I was getting a lot of ads for gay dating in the google ads bars & columns on ENW.  So I typed "I like women" into the URL/Search bar in Google Chrome, pressed enter, and a day later the ENW google ads bar looks like this:


_Gorgeous Ukraine Girl
22,000+ Ukraine Girls' Profiles Choose your Perfect Girl & Marry!
AnastasiaDate.co.uk
Meet Polish Singles
Connect with Polish Singles today! Match - The Original Love Guarantee
Match.com | The Leading Online Dating Site for Singles & Personals
Meet Romanian Women
1000s of Single Romanians Online Free Sign Up!
RomaniaKiss - Romanian Dating, Romanian Singles, Romanian Personals & Chat
Virgin Media Broadband
Get a Virgin Media TV, broadband & phone bundle and save £5 a month_


----------



## RedTonic (Jun 18, 2011)

So Google is trying to sell you on mail-order brides via EN World? Nice! A captive audience for any campaign.


----------



## Mark CMG (Jun 18, 2011)

[MENTION=463]S'mon[/MENTION] - Next try "I like S'mores."


----------



## El Mahdi (Jun 18, 2011)

And don't think of the Stay-Puft Marshmallow Man...Google Ads will know if you do!!!!!!


----------



## S'mon (Jun 19, 2011)

El Mahdi said:


> And don't think of the Stay-Puft Marshmallow Man...Google Ads will know if you do!!!!!!




I'm flying to Scotland via Gatwick airport soon.  The Google ads bar just came up with:

"Gatwick Airport - Booked Your Parking Yet?"

Fools - don't they know I don't drive!!


----------



## Umbran (Jun 20, 2011)

Well, at least it shows Google really does respond to your search history


----------



## Relique du Madde (Jun 20, 2011)

Umbran said:


> Well, at least it shows Google really does respond to your search history




Hmm...  I wonder what ads I will get if I search for Dwarves, midget, little people, and amputees each day.


----------



## Morrus (Jun 20, 2011)

S'mon said:


> I was getting a lot of ads for gay dating in the google ads bars & columns on ENW.

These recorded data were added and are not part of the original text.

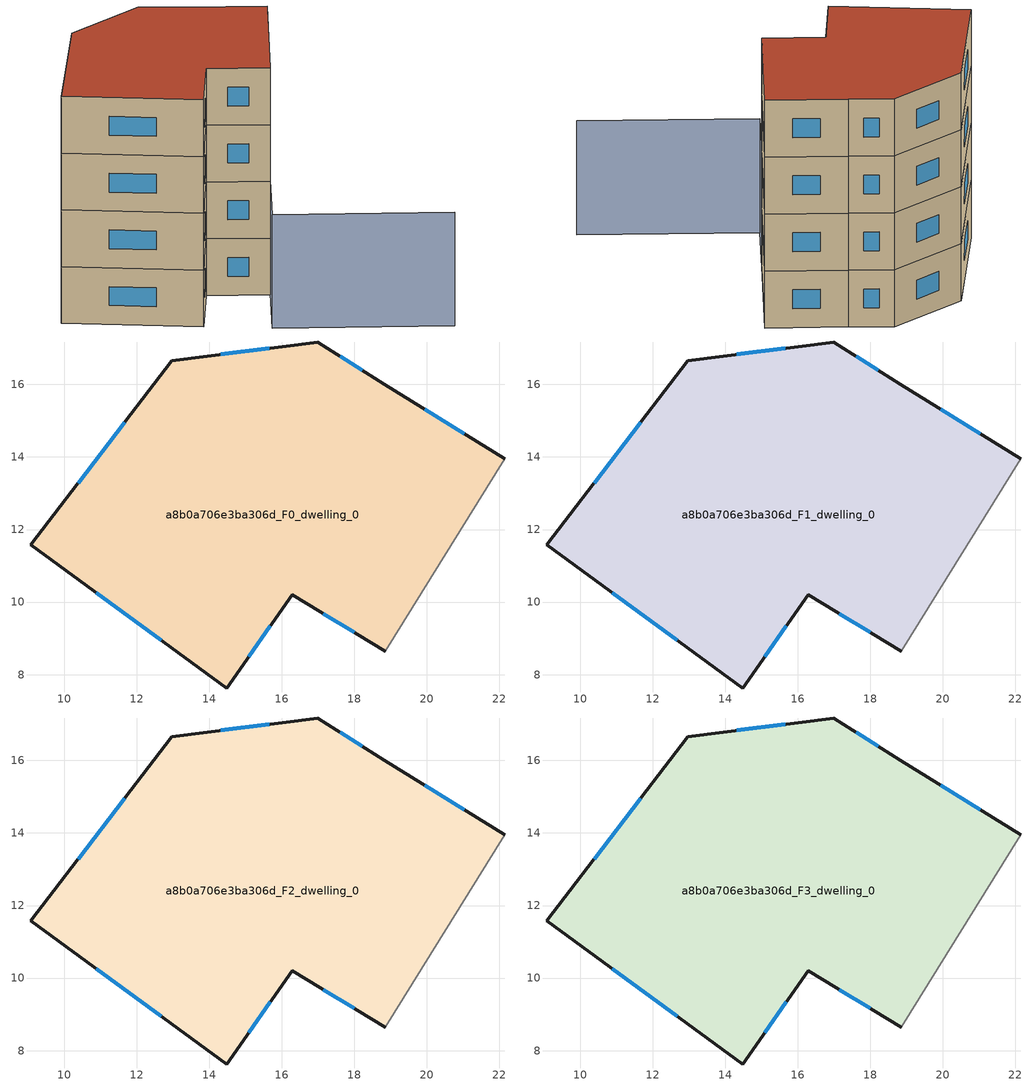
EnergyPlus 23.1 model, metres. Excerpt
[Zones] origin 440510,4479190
a8b0a706e3ba306d_F0_dwelling_0
 floor ground (EU_floor_Construction): 22.15,13.95 18.86,8.64 16.29,10.2 14.48,7.63 9.09,11.58 12.98,16.66 17,17.17 18.83,16 z0
 wall outside (EU_wall_Construction): 22.15,13.95 18.83,16 17,17.17 12.98,16.66 9.09,11.58 14.48,7.63 16.29,10.2 18.86,8.64 z0:3
 wall adiabatic (EU_wall_Construction): 18.86,8.64 22.15,13.95 z0:3
 window (EU_Window_Construction): 17.15,9.68 18,9.16 / 15.09,8.49 15.69,9.34 / 10.89,10.26 12.68,8.95 / 11.68,14.96 10.39,13.28 / 15.65,17 14.32,16.83 / 18.22,16.39 17.61,16.78 / 21.04,14.64 19.94,15.32 z1:2
a8b0a706e3ba306d_F1_dwelling_0
 floor to a8b0a706e3ba306d_F0_dwelling_0 (EU_floor_Construction): 22.15,13.95 18.86,8.64 16.29,10.2 14.48,7.63 9.09,11.58 12.98,16.66 17,17.17 18.83,16 z3
 wall outside (EU_wall_Construction): 22.15,13.95 18.83,16 17,17.17 12.98,16.66 9.09,11.58 14.48,7.63 16.29,10.2 18.86,8.64 z3:6
 wall adiabatic (EU_wall_Construction): 18.86,8.64 22.15,13.95 z3:6
 window (EU_Window_Construction): 17.15,9.68 18,9.16 / 15.09,8.49 15.69,9.34 / 10.89,10.26 12.68,8.95 / 11.68,14.96 10.39,13.28 / 15.65,17 14.32,16.83 / 18.22,16.39 17.61,16.78 / 21.04,14.64 19.94,15.32 z4:5
a8b0a706e3ba306d_F2_dwelling_0
 floor to a8b0a706e3ba306d_F1_dwelling_0 (EU_floor_Construction): 22.15,13.95 18.86,8.64 16.29,10.2 14.48,7.63 9.09,11.58 12.98,16.66 17,17.17 18.83,16 z6
 wall outside (EU_wall_Construction): 22.15,13.95 18.83,16 17,17.17 12.98,16.66 9.09,11.58 14.48,7.63 16.29,10.2 18.86,8.64 z6:9
 wall adiabatic (EU_wall_Construction): 18.86,8.64 22.15,13.95 z6:9
 window (EU_Window_Construction): 17.15,9.68 18,9.16 / 15.09,8.49 15.69,9.34 / 10.89,10.26 12.68,8.95 / 11.68,14.96 10.39,13.28 / 15.65,17 14.32,16.83 / 18.22,16.39 17.61,16.78 / 21.04,14.64 19.94,15.32 z7:8
a8b0a706e3ba306d_F3_dwelling_0
 floor to a8b0a706e3ba306d_F2_dwelling_0 (EU_floor_Construction): 22.15,13.95 18.86,8.64 16.29,10.2 14.48,7.63 9.09,11.58 12.98,16.66 17,17.17 18.83,16 z9
 wall outside (EU_wall_Construction): 22.15,13.95 18.83,16 17,17.17 12.98,16.66 9.09,11.58 14.48,7.63 16.29,10.2 18.86,8.64 z9:12
 wall adiabatic (EU_wall_Construction): 18.86,8.64 22.15,13.95 z9:12
 window (EU_Window_Construction): 17.15,9.68 18,9.16 / 15.09,8.49 15.69,9.34 / 10.89,10.26 12.68,8.95 / 11.68,14.96 10.39,13.28 / 15.65,17 14.32,16.83 / 18.22,16.39 17.61,16.78 / 21.04,14.64 19.94,15.32 z10:11
 roof outside (EU_roof_Construction): 18.86,8.64 22.15,13.95 18.83,16 17,17.17 12.98,16.66 9.09,11.58 14.48,7.63 16.29,10.2 z12
shading: 24.37,1.29 17.09,5.78 / 17.09,5.78 22.14,13.96 z0:6
[Building]
EU S2 Campaign: North Axis=0; Terrain=City; Solar Distribution=FullExterior
[Site:Location]
Madrid: Latitude=40.5; Longitude=-3.5; Time Zone=1; Elevation=609
[SizingPeriod:WeatherFileDays]
AnnualSizingPeriod: Begin Month=1; Begin Day of Month=1; End Month=12; End Day of Month=31; Day of Week for Start Day=Monday; Use Weather File Daylight Saving Period=No; Use Weather File Rain and Snow Indicators=No
[MATERIAL]
EU_InternalMass_Material: Roughness=MediumRough; Thickness=0.1; Conductivity=1; Density=1800; Specific Heat=900; Thermal Absorptance=0.9; Solar Absorptance=0.7; Visible Absorptance=0.7
[MATERIAL:NOMASS] Roughness=MediumRough; Thermal Absorptance=0.9; Solar Absorptance=0.7; Visible Absorptance=0.7
Name | Thermal Resistance
EU_wall_NoMass | 0.459673
EU_roof_NoMass | 0.495815
EU_floor_NoMass | 0.788942
[WINDOWMATERIAL:SIMPLEGLAZINGSYSTEM]
EU_Window_SimpleGlazing: UFactor=4.26103; Solar Heat Gain Coefficient=0.85; Visible Transmittance=0.85
[CONSTRUCTION]
EU_wall_Construction: EU_wall_NoMass
EU_roof_Construction: EU_roof_NoMass
EU_floor_Construction: EU_floor_NoMass
EU_Window_Construction: EU_Window_SimpleGlazing
EU_InternalMass_Construction: EU_InternalMass_Material
[ZONE] Type=1; Multiplier=1; Ceiling Height=autocalculate; Floor Area=autocalculate; Part of Total Floor Area=Yes
Name | Volume
a8b0a706e3ba306d_F0_dwelling_0 | 221.063
a8b0a706e3ba306d_F1_dwelling_0; a8b0a706e3ba306d_F2_dwelling_0; a8b0a706e3ba306d_F3_dwelling_0 | 221.064
[INTERNALMASS] Construction=EU_InternalMass_Construction; Surface Area=73.6877
Name | Zone or ZoneList
a8b0a706e3ba306d_F0_dwelling_0_EU_InternalMass | a8b0a706e3ba306d_F0_dwelling_0
a8b0a706e3ba306d_F1_dwelling_0_EU_InternalMass | a8b0a706e3ba306d_F1_dwelling_0
a8b0a706e3ba306d_F2_dwelling_0_EU_InternalMass | a8b0a706e3ba306d_F2_dwelling_0
a8b0a706e3ba306d_F3_dwelling_0_EU_InternalMass | a8b0a706e3ba306d_F3_dwelling_0
[OTHEREQUIPMENT] Fuel Type=Electricity; Design Level Calculation Method=Watts/Area; Power per Zone Floor Area=1; Fraction Latent=0; Fraction Radiant=0; Fraction Lost=0; Carbon Dioxide Generation Rate=0; EndUse Subcategory=EU_Step8_InternalGains
Name | Zone or ZoneList or Space or SpaceList | Schedule
EU_Step8_InternalGain_a8b0a706e3ba306d_F0_dwelling_0_f000 | a8b0a706e3ba306d_F0_dwelling_0 | EU_Step8_GainSchedule_a8b0a706e3ba306d_F0_dwelling_0_f000
EU_Step8_InternalGain_a8b0a706e3ba306d_F1_dwelling_0_f000 | a8b0a706e3ba306d_F1_dwelling_0 | EU_Step8_GainSchedule_a8b0a706e3ba306d_F1_dwelling_0_f000
EU_Step8_InternalGain_a8b0a706e3ba306d_F2_dwelling_0_f000 | a8b0a706e3ba306d_F2_dwelling_0 | EU_Step8_GainSchedule_a8b0a706e3ba306d_F2_dwelling_0_f000
EU_Step8_InternalGain_a8b0a706e3ba306d_F3_dwelling_0_f000 | a8b0a706e3ba306d_F3_dwelling_0 | EU_Step8_GainSchedule_a8b0a706e3ba306d_F3_dwelling_0_f000
[ZONEVENTILATION:DESIGNFLOWRATE] Schedule=EU_AlwaysOn; Design Flow Rate Calculation Method=AirChanges/Hour; Air Changes per Hour=0.719161; Ventilation Type=Natural; Fan Pressure Rise=0; Fan Total Efficiency=1; Constant Term Coefficient=1; Temperature Term Coefficient=0; Velocity Term Coefficient=0; Velocity Squared Term Coefficient=0; Minimum Indoor Temperature=-100; Maximum Indoor Temperature=100; Delta Temperature=-100; Minimum Outdoor Temperature=-100; Maximum Outdoor Temperature=100; Maximum Wind Speed=40
Name | Zone or ZoneList or Space or SpaceList
EU_ConstantAir_a8b0a706e3ba306d_F0_dwelling_0 | a8b0a706e3ba306d_F0_dwelling_0
EU_ConstantAir_a8b0a706e3ba306d_F1_dwelling_0 | a8b0a706e3ba306d_F1_dwelling_0
EU_ConstantAir_a8b0a706e3ba306d_F2_dwelling_0 | a8b0a706e3ba306d_F2_dwelling_0
EU_ConstantAir_a8b0a706e3ba306d_F3_dwelling_0 | a8b0a706e3ba306d_F3_dwelling_0
[HVACTEMPLATE:THERMOSTAT] Constant Heating Setpoint=20; Constant Cooling Setpoint=50
EU_HeatOnly_a8b0a706e3ba306d_F0_dwelling_0; EU_HeatOnly_a8b0a706e3ba306d_F1_dwelling_0; EU_HeatOnly_a8b0a706e3ba306d_F2_dwelling_0; EU_HeatOnly_a8b0a706e3ba306d_F3_dwelling_0
[HVACTEMPLATE:ZONE:IDEALLOADSAIRSYSTEM] System Availability Schedule=EU_AlwaysOn; Maximum Heating Supply Air Temperature=50; Minimum Cooling Supply Air Temperature=13; Maximum Heating Supply Air Humidity Ratio=0.0156; Minimum Cooling Supply Air Humidity Ratio=0.0077; Heating Limit=NoLimit; Cooling Limit=NoLimit; Heating Availability Schedule=EU_AlwaysOn; Cooling Availability Schedule=EU_CoolingOff; Dehumidification Control Type=ConstantSensibleHeatRatio; Cooling Sensible Heat Ratio=0.7; Dehumidification Setpoint=60; Humidification Control Type=None; Humidification Setpoint=30; Outdoor Air Method=None; Outdoor Air Flow Rate per Person=0.00944; Outdoor Air Flow Rate per Zone Floor Area=0; Outdoor Air Flow Rate per Zone=0; Demand Controlled Ventilation Type=None; Outdoor Air Economizer Type=NoEconomizer; Heat Recovery Type=None; Sensible Heat Recovery Effectiveness=0.7; Latent Heat Recovery Effectiveness=0.65
Name | Template Thermostat
a8b0a706e3ba306d_F0_dwelling_0 | EU_HeatOnly_a8b0a706e3ba306d_F0_dwelling_0
a8b0a706e3ba306d_F1_dwelling_0 | EU_HeatOnly_a8b0a706e3ba306d_F1_dwelling_0
a8b0a706e3ba306d_F2_dwelling_0 | EU_HeatOnly_a8b0a706e3ba306d_F2_dwelling_0
a8b0a706e3ba306d_F3_dwelling_0 | EU_HeatOnly_a8b0a706e3ba306d_F3_dwelling_0
[SIZING:ZONE] Zone Cooling Design Supply Air Temperature Input Method=SupplyAirTemperature; Zone Cooling Design Supply Air Temperature=13; Zone Heating Design Supply Air Temperature Input Method=SupplyAirTemperature; Zone Heating Design Supply Air Temperature=50; Zone Cooling Design Supply Air Humidity Ratio=0.008; Zone Heating Design Supply Air Humidity Ratio=0.008; Cooling Design Air Flow Method=DesignDay; Cooling Design Air Flow Rate=0; Cooling Minimum Air Flow per Zone Floor Area=0.000762; Cooling Minimum Air Flow=0; Cooling Minimum Air Flow Fraction=0.2; Heating Design Air Flow Method=DesignDay; Heating Design Air Flow Rate=0; Heating Maximum Air Flow per Zone Floor Area=0.002032; Heating Maximum Air Flow=0.141576; Heating Maximum Air Flow Fraction=0.3; Account for Dedicated Outdoor Air System=No; Dedicated Outdoor Air System Control Strategy=NeutralSupplyAir; Dedicated Outdoor Air Low Setpoint Temperature for Design=autosize; Dedicated Outdoor Air High Setpoint Temperature for Design=autosize; Zone Load Sizing Method=Sensible Load Only No Latent Load; Zone Latent Cooling Design Supply Air Humidity Ratio Input Method=HumidityRatioDifference; Zone Cooling Design Supply Air Humidity Ratio Difference=0.005; Zone Latent Heating Design Supply Air Humidity Ratio Input Method=HumidityRatioDifference; Zone Humidification Design Supply Air Humidity Ratio Difference=0.005
a8b0a706e3ba306d_F0_dwelling_0; a8b0a706e3ba306d_F1_dwelling_0; a8b0a706e3ba306d_F2_dwelling_0; a8b0a706e3ba306d_F3_dwelling_0
[SCHEDULE:CONSTANT]
Name | Hourly Value
EU_AlwaysOn | 1
EU_CoolingOff | 0
[SCHEDULE:FILE] Column Number=1; Rows to Skip at Top=0; Number of Hours of Data=8760; Column Separator=Comma; Interpolate to Timestep=No; Minutes per Item=60; Adjust Schedule for Daylight Savings=Yes
Name | File
EU_Step8_GainSchedule_a8b0a706e3ba306d_F0_dwelling_0_f000 | ../../schedules/a8b0a706e3ba306d/a8b0a706e3ba306d_F0_dwelling_0_f000_gain.csv
EU_Step8_GainSchedule_a8b0a706e3ba306d_F1_dwelling_0_f000 | ../../schedules/a8b0a706e3ba306d/a8b0a706e3ba306d_F1_dwelling_0_f000_gain.csv
EU_Step8_GainSchedule_a8b0a706e3ba306d_F2_dwelling_0_f000 | ../../schedules/a8b0a706e3ba306d/a8b0a706e3ba306d_F2_dwelling_0_f000_gain.csv
EU_Step8_GainSchedule_a8b0a706e3ba306d_F3_dwelling_0_f000 | ../../schedules/a8b0a706e3ba306d/a8b0a706e3ba306d_F3_dwelling_0_f000_gain.csv

Stop searching for them then!


----------



## Matt James (Jun 20, 2011)

Morrus said:


> Stop searching for them then!




Quoted for emphasis!


----------



## S'mon (Jun 20, 2011)

Morrus said:


> Stop searching for them then!




Sexually harrassed by Morrus, yaay.


----------



## Kzach (Jun 20, 2011)

S'mon said:


> Sexually harrassed by Morrus, yaay.




That should be on a t-shirt for the next Gencon.

"I was sexually harassed by Morrus... yay!"


----------